I am a Steveston resident who has taught secondary biology, chemistry, history and geography in Richmond for over three decades. Although I am retired from high school (it took me 33 years to graduate) I now teach science education and the principles of teaching at the University of British Columbia.
Most of the wines I review are in the 'affordable' $10 - $25 range, wines that are within my teacher budget and probably the budget of most of you. I appreciate that reviewing wine is not a scientific enterprise. It is quite subjective. Robert Parker, of Wine Advocate fame, has a bias towards big and fruity wines and gives higher scores to those that suit his palate. That is like thinking Moonlight Sonata will be better if you amplify a piano and make the music much louder. Consumers are also influenced by a wine's label, when or where you are tasting the wine, the order of a tasting....so many factors that make reviewing more a personal thing. I don't claim to be an "expert" and I don't have a Masters of Wine. But since the 1970's, I have tasted thousands of wines on my own, in my wine appreciation classes, and at professional tastings. I certainly have a solid background on what makes a wine, fine, but I admit I have biases.
Its very trendy to score wines out of 100 points based on several factors such as smell, taste, balance, finish, etc. Critics of this quantitative marking scheme point out that art critics never assign a grade for the Da Vinci's Mona Lisa. I agree with them and I am keeping my ratings simple. I only have three categoies. Hightly Recommended are first class, excellent wines that deserve an A which I would rate in the high 80's or 90's if I wanted to be a member of the scoring guild. Recommended is still worth trying, very good, B+, mid 80 points. Good is not a strong recommendation, but a decent C+. I don't plan on panning any dogs as I just won't waste my time or my blog's space reviewing them.
One of the reason's I have had a fascination for wine is because it encompasses so many subjects that I love: chemistry, biology, history, georgraphy, travel, food, cooking, and of course discovering something new. I also had the good fortune to teach in Adelaide, South Australia, smack dab in the middle of the wine country. That year Down Under with hundreds of wineries at my doorstep, really immersed me in the enchanting world of wine.

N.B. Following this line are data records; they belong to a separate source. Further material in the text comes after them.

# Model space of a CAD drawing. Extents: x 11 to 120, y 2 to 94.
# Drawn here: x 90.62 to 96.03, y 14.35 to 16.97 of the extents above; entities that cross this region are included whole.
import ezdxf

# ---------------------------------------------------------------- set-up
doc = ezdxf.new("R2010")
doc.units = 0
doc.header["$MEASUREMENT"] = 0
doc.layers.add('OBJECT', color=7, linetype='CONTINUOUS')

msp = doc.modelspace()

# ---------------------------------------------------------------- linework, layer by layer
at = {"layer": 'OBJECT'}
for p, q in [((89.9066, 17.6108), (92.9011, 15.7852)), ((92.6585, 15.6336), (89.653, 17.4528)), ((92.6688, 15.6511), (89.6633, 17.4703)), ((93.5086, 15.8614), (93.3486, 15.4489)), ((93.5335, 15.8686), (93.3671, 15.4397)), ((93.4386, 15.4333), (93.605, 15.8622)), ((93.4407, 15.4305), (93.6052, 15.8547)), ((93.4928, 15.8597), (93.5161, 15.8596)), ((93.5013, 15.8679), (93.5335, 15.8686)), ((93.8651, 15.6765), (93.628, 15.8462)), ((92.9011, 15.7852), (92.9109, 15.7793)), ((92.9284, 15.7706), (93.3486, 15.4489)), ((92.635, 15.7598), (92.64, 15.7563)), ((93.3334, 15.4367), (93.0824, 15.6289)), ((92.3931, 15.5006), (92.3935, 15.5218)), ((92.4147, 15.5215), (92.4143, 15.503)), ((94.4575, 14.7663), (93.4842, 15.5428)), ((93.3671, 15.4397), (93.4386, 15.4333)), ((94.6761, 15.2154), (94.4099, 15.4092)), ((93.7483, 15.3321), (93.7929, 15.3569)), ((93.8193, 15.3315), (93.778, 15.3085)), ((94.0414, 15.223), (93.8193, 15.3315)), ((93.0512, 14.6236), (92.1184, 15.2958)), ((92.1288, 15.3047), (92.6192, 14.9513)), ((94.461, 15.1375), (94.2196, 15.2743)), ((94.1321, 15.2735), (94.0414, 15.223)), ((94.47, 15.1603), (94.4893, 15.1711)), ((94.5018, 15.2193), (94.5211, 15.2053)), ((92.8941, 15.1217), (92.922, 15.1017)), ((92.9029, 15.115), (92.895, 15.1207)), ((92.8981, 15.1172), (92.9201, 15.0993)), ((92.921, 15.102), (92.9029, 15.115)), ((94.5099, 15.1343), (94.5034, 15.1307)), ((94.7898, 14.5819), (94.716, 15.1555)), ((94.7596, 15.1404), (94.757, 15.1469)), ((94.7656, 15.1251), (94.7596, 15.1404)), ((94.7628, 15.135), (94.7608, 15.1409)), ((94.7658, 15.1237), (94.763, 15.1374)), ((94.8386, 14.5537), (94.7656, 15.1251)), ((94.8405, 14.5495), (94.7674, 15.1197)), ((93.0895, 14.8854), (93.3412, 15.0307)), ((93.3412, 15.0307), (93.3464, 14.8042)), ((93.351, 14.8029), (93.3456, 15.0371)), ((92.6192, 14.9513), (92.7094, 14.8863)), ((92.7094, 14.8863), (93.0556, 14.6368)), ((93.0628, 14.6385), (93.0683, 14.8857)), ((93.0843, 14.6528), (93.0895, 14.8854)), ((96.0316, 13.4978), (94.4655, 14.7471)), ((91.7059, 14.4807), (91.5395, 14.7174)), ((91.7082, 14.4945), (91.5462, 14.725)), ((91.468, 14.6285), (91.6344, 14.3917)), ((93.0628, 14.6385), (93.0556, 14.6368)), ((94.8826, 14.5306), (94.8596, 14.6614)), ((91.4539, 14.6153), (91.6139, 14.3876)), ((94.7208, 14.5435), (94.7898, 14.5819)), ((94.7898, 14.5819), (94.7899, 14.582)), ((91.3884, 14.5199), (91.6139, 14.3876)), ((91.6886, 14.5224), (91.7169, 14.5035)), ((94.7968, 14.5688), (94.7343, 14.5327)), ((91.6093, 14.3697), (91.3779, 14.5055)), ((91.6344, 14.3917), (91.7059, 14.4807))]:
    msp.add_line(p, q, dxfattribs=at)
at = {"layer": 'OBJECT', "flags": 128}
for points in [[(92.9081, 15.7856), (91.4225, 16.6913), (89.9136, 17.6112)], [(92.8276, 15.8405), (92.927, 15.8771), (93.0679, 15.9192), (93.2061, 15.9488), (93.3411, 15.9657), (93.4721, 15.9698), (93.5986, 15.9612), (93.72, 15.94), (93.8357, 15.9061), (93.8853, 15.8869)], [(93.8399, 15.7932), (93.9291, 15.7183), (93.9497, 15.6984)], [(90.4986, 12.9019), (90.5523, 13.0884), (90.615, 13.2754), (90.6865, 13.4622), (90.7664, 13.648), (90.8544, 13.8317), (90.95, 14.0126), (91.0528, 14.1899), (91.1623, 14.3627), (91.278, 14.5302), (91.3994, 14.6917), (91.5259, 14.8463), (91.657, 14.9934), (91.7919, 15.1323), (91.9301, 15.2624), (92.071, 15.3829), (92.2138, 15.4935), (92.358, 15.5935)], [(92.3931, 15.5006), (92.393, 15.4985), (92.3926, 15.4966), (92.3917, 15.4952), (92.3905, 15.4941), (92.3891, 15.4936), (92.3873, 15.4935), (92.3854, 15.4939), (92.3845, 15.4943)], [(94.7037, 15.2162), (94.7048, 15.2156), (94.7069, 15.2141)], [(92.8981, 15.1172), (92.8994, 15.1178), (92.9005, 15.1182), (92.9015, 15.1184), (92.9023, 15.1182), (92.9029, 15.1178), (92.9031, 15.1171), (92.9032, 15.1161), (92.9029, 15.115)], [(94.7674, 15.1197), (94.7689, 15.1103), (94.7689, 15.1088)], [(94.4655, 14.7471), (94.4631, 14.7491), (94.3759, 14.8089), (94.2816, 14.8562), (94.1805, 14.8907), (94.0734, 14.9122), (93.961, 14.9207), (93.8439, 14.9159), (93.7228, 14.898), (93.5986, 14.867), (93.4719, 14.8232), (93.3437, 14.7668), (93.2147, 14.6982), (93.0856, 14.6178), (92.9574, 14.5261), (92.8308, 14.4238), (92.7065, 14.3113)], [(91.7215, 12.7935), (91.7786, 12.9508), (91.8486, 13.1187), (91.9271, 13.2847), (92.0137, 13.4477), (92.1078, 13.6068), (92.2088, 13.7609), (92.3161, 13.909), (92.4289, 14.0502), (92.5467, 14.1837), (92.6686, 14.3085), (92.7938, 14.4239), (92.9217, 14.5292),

Returning to Richmond, I worked seven years on air at CISL Radio and hosted a daily wine show. There I was able to meet wine personalities from around the globe and taste a tsunami of wines that as a teacher, I would not be able to afford. During that time, I also worked as a freelance wine journalist for the BCLDB and local newspapers. Since 1989, I have pursued my affair with wine, teaching night school wine appreciation throughout Metro Vancouver, including Richmond, Burnaby, Surrey, New Westminster, Langley, Vancouver, Capilano University, and UBC. In my continuing education courses,
I try to bring my passion for the grape and my experience teaching to my adult students who just want to discover what’s so fascinating and enjoyable about wine. My secret is to keep things simple: let people taste lots of different wines, throw in a bit of education, and keep it fun. My favourite wine? The one I'm opening next! I love adventure and life-long learning; enjoying wine provides plenty. I hope this little blog will provide you with ideas and tips that will encourage you to discover more on this fascinating subject. Cheers!!!